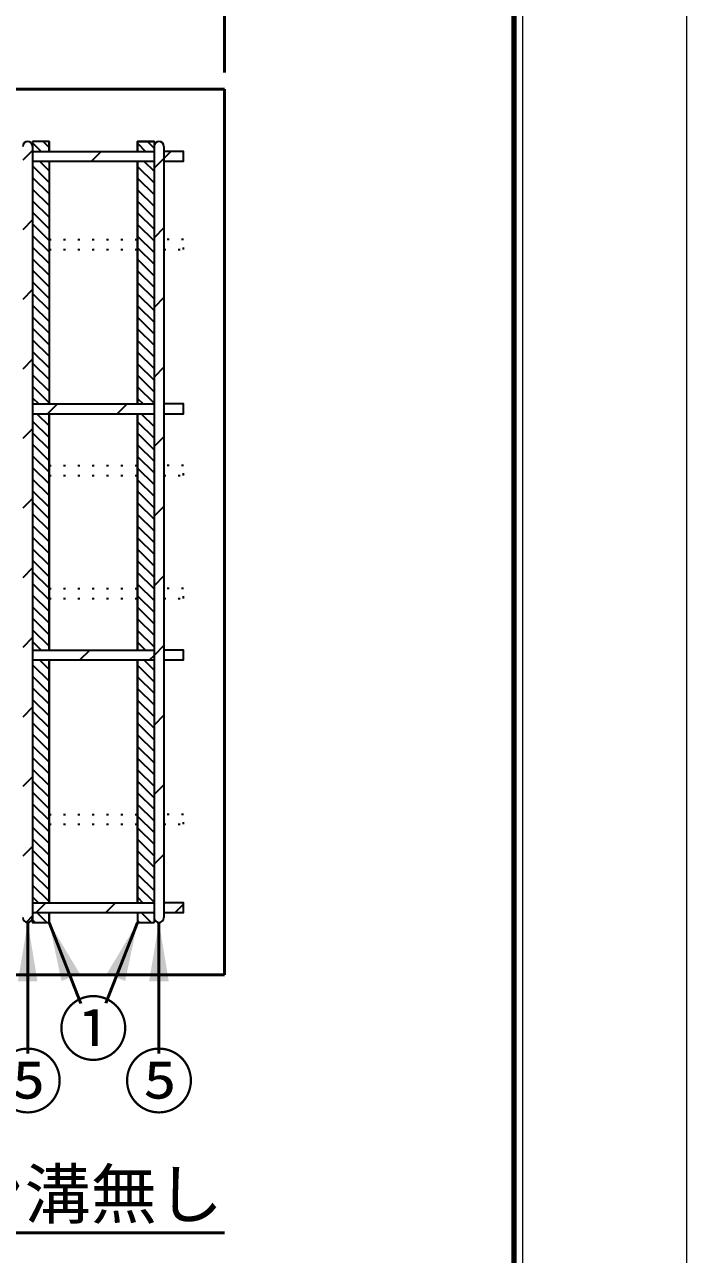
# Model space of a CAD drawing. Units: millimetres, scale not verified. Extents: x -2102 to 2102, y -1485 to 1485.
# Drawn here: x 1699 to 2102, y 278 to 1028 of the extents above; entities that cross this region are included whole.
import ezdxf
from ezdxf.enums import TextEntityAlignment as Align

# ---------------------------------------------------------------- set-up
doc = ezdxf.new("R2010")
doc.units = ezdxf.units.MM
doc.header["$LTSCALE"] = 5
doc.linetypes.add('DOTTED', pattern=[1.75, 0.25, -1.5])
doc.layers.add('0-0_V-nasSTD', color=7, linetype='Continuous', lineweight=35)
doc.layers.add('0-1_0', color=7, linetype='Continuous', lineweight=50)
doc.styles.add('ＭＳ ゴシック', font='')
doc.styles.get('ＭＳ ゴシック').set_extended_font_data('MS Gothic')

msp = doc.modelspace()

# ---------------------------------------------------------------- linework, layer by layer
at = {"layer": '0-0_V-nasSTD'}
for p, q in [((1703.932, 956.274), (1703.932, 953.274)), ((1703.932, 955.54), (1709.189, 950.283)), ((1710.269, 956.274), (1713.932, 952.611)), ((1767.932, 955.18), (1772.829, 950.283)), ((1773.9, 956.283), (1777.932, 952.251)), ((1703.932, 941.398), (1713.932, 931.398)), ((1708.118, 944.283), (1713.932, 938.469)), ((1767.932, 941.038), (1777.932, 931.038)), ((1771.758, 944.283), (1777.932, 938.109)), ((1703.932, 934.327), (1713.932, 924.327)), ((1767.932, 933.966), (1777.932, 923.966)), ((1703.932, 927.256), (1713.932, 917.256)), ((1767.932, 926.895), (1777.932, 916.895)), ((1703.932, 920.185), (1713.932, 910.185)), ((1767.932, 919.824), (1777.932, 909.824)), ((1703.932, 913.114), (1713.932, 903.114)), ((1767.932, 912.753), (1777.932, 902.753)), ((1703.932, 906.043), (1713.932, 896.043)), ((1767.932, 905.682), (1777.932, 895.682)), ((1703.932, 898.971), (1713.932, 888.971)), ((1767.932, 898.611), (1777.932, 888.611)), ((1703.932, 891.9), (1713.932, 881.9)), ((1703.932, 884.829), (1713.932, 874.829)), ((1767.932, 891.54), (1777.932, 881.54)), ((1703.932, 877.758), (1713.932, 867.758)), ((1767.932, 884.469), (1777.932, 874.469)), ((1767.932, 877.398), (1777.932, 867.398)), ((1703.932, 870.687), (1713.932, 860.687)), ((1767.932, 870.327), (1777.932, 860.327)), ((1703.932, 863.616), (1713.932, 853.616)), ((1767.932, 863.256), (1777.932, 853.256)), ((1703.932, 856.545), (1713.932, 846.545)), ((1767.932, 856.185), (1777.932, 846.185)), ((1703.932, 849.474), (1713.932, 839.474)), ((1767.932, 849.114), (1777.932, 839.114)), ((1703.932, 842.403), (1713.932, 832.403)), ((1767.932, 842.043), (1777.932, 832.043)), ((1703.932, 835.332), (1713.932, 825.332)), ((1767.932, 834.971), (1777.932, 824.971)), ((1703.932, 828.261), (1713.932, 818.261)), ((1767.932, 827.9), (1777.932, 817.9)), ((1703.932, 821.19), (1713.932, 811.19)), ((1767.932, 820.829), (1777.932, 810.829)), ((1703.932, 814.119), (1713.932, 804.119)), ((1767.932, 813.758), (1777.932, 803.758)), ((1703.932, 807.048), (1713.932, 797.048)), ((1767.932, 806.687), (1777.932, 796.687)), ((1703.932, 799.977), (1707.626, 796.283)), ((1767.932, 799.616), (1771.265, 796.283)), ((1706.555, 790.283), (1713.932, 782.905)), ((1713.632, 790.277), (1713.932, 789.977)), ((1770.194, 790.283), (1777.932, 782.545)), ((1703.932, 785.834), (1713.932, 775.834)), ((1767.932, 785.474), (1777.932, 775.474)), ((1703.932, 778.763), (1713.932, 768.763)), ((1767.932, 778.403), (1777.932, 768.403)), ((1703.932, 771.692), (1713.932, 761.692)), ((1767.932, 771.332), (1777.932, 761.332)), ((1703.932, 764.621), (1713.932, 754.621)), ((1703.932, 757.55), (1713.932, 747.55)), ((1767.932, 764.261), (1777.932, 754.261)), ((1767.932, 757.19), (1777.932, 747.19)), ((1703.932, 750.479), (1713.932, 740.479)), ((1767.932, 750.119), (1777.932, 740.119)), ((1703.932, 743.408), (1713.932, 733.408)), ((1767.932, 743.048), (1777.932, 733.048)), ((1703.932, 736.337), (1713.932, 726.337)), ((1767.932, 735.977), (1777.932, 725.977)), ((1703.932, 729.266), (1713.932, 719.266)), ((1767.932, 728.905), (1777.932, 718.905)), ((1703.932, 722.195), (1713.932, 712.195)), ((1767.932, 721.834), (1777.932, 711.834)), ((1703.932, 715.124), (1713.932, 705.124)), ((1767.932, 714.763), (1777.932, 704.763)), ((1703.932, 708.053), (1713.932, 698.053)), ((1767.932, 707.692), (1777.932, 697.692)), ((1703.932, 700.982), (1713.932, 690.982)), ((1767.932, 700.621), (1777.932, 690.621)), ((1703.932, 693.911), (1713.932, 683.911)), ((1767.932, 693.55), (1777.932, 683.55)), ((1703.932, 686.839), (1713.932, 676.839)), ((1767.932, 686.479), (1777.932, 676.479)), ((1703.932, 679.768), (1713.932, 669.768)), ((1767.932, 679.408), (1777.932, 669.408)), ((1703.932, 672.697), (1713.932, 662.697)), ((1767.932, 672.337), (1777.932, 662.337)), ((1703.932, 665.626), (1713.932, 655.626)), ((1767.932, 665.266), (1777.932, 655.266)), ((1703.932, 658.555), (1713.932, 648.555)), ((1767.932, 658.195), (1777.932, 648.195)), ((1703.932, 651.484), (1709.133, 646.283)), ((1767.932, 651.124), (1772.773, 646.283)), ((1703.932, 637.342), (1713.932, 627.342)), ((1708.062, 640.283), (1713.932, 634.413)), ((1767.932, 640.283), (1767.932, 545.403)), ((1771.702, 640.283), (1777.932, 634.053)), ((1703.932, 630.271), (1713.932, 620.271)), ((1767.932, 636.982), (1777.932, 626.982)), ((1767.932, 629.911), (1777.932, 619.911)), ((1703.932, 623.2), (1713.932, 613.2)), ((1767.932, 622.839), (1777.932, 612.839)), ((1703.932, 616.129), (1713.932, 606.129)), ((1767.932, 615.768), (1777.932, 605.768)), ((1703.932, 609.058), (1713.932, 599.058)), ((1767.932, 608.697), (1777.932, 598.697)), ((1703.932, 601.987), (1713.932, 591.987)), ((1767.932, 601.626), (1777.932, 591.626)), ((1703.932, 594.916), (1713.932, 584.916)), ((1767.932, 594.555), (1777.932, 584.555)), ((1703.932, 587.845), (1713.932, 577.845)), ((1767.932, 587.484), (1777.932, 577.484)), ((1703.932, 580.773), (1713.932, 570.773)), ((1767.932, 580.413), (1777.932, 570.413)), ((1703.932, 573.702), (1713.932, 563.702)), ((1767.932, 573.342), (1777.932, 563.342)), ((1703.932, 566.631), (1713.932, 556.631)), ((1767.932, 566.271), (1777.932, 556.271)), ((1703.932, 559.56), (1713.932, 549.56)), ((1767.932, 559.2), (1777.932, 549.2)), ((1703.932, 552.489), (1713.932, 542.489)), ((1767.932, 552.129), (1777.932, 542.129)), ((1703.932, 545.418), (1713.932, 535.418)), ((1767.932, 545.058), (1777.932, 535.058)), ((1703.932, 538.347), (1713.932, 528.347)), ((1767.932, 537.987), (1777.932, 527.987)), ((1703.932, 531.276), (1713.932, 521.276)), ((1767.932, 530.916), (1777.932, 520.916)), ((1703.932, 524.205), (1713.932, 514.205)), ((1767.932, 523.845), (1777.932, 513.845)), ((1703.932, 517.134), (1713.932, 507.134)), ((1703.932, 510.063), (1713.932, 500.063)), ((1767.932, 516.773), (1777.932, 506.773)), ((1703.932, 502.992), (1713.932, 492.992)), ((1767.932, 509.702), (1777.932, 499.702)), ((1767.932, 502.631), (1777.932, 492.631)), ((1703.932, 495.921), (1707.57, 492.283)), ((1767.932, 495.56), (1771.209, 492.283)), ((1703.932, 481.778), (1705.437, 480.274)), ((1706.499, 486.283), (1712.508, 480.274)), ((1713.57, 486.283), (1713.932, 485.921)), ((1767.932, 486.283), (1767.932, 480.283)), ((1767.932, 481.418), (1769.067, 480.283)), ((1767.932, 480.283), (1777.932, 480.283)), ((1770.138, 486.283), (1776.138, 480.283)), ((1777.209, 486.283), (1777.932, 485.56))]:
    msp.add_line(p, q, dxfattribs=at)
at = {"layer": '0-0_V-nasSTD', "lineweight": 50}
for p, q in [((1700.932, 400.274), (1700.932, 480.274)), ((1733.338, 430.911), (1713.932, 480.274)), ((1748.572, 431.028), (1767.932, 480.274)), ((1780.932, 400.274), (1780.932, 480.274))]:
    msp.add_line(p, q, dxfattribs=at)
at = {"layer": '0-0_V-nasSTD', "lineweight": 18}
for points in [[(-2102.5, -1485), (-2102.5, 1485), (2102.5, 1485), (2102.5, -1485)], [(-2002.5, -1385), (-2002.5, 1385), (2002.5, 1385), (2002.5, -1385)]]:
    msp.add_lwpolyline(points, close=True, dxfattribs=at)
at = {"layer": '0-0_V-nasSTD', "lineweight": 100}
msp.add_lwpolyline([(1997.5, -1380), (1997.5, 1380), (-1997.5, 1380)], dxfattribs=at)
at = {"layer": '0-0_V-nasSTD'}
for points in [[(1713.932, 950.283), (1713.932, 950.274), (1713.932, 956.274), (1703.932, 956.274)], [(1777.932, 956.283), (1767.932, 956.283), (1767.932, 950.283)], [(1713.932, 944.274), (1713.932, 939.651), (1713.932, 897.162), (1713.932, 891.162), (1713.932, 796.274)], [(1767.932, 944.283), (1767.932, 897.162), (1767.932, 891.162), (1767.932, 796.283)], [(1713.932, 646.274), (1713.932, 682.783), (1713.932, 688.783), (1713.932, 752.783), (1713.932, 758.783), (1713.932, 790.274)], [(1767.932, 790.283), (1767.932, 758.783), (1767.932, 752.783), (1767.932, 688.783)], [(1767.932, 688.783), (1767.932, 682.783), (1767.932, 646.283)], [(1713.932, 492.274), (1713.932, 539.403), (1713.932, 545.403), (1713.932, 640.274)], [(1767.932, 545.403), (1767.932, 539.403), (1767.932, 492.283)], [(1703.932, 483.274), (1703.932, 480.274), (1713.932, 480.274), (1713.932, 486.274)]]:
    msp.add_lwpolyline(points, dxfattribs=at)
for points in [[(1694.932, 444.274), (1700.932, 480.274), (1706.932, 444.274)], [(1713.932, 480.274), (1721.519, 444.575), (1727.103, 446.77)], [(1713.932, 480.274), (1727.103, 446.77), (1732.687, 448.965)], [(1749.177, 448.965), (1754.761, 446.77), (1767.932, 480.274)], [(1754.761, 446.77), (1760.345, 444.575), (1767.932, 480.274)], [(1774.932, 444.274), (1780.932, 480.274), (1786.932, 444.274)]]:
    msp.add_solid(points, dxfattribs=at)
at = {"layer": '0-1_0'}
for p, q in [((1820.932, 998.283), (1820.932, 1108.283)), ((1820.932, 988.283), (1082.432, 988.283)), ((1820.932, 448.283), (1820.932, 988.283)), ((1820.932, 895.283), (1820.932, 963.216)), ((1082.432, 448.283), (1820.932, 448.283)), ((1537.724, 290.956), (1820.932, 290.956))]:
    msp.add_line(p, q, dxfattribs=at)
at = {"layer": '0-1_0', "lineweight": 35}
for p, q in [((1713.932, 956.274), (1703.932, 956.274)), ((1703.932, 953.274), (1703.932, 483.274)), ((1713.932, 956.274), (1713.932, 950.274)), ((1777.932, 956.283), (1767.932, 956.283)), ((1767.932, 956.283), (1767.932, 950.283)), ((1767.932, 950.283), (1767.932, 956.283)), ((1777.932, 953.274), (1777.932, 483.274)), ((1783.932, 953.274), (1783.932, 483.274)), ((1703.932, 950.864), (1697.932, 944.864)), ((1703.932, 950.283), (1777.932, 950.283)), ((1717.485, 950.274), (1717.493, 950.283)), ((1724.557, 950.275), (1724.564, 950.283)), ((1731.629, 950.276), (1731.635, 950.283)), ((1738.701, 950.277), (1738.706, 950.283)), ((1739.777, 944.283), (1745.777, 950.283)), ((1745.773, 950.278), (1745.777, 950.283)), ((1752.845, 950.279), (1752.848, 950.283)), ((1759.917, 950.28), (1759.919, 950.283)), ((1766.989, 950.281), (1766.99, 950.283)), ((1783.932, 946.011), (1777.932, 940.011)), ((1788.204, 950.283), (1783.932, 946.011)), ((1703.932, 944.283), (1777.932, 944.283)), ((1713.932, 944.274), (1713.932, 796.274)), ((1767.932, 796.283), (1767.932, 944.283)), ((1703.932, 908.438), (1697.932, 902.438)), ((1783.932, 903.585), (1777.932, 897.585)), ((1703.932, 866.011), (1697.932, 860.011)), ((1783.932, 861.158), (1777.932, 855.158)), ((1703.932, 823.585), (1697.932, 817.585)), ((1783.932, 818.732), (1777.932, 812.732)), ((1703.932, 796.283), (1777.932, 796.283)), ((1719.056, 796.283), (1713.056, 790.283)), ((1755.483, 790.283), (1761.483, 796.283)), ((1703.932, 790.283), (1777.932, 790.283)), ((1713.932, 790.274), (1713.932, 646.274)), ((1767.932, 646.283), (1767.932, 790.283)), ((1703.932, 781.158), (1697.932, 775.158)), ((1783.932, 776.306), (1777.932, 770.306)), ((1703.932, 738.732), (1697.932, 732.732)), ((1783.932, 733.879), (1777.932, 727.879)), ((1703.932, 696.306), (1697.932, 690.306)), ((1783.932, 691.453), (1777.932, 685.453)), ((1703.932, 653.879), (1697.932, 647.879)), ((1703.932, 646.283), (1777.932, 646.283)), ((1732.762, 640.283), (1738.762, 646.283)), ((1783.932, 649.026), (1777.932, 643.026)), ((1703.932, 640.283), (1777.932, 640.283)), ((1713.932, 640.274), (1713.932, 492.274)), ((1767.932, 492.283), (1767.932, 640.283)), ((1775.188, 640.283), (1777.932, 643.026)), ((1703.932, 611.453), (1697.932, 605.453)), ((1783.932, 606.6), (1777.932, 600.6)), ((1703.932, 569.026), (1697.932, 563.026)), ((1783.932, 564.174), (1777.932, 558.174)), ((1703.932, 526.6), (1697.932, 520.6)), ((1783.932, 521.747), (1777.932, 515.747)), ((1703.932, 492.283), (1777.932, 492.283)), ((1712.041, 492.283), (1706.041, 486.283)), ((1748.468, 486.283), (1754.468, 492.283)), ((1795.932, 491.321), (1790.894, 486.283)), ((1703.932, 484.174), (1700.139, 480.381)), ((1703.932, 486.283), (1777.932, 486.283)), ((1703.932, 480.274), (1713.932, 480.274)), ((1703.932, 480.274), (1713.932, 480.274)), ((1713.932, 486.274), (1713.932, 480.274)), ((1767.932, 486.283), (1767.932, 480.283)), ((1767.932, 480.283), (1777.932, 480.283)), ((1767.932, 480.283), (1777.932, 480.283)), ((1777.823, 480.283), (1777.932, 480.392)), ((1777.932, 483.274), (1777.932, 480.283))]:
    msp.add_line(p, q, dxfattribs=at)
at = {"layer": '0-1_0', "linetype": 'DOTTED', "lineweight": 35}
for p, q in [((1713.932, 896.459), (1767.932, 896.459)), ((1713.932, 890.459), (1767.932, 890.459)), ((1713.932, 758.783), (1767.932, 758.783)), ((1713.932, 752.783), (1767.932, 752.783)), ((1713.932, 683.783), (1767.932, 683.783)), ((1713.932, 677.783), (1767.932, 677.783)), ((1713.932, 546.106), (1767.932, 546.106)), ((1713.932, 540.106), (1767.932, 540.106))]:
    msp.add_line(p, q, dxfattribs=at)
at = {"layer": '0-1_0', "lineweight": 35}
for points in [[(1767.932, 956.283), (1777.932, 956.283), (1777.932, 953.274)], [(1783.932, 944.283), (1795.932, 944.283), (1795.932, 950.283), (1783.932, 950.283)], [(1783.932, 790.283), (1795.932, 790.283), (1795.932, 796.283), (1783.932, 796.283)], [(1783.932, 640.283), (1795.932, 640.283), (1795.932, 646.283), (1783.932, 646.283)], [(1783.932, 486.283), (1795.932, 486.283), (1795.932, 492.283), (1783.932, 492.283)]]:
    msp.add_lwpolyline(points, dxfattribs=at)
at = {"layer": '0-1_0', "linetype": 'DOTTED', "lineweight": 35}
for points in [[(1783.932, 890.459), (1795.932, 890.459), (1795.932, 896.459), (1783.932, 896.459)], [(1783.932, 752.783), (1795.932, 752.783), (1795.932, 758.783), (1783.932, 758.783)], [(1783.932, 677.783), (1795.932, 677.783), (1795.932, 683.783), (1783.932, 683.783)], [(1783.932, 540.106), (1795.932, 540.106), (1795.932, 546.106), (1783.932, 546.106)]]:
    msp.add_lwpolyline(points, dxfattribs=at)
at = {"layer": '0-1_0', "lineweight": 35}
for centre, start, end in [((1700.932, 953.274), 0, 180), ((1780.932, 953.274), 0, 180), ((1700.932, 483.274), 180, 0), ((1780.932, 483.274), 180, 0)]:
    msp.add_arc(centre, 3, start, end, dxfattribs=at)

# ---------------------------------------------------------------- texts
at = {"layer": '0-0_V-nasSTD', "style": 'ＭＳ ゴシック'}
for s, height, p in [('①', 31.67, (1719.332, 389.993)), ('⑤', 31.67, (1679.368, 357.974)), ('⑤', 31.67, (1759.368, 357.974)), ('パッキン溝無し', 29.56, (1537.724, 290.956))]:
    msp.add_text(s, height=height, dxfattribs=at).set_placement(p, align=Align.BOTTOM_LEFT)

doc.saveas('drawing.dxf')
• • • • •
_Problem description_
Copy out, in full, each line above that has the word "nasSTD" in it.

_Response_
doc.layers.add('0-0_V-nasSTD', color=7, linetype='Continuous', lineweight=35)
at = {"layer": '0-0_V-nasSTD'}
at = {"layer": '0-0_V-nasSTD', "lineweight": 50}
at = {"layer": '0-0_V-nasSTD', "lineweight": 18}
at = {"layer": '0-0_V-nasSTD', "lineweight": 100}
at = {"layer": '0-0_V-nasSTD'}
at = {"layer": '0-0_V-nasSTD', "style": 'ＭＳ ゴシック'}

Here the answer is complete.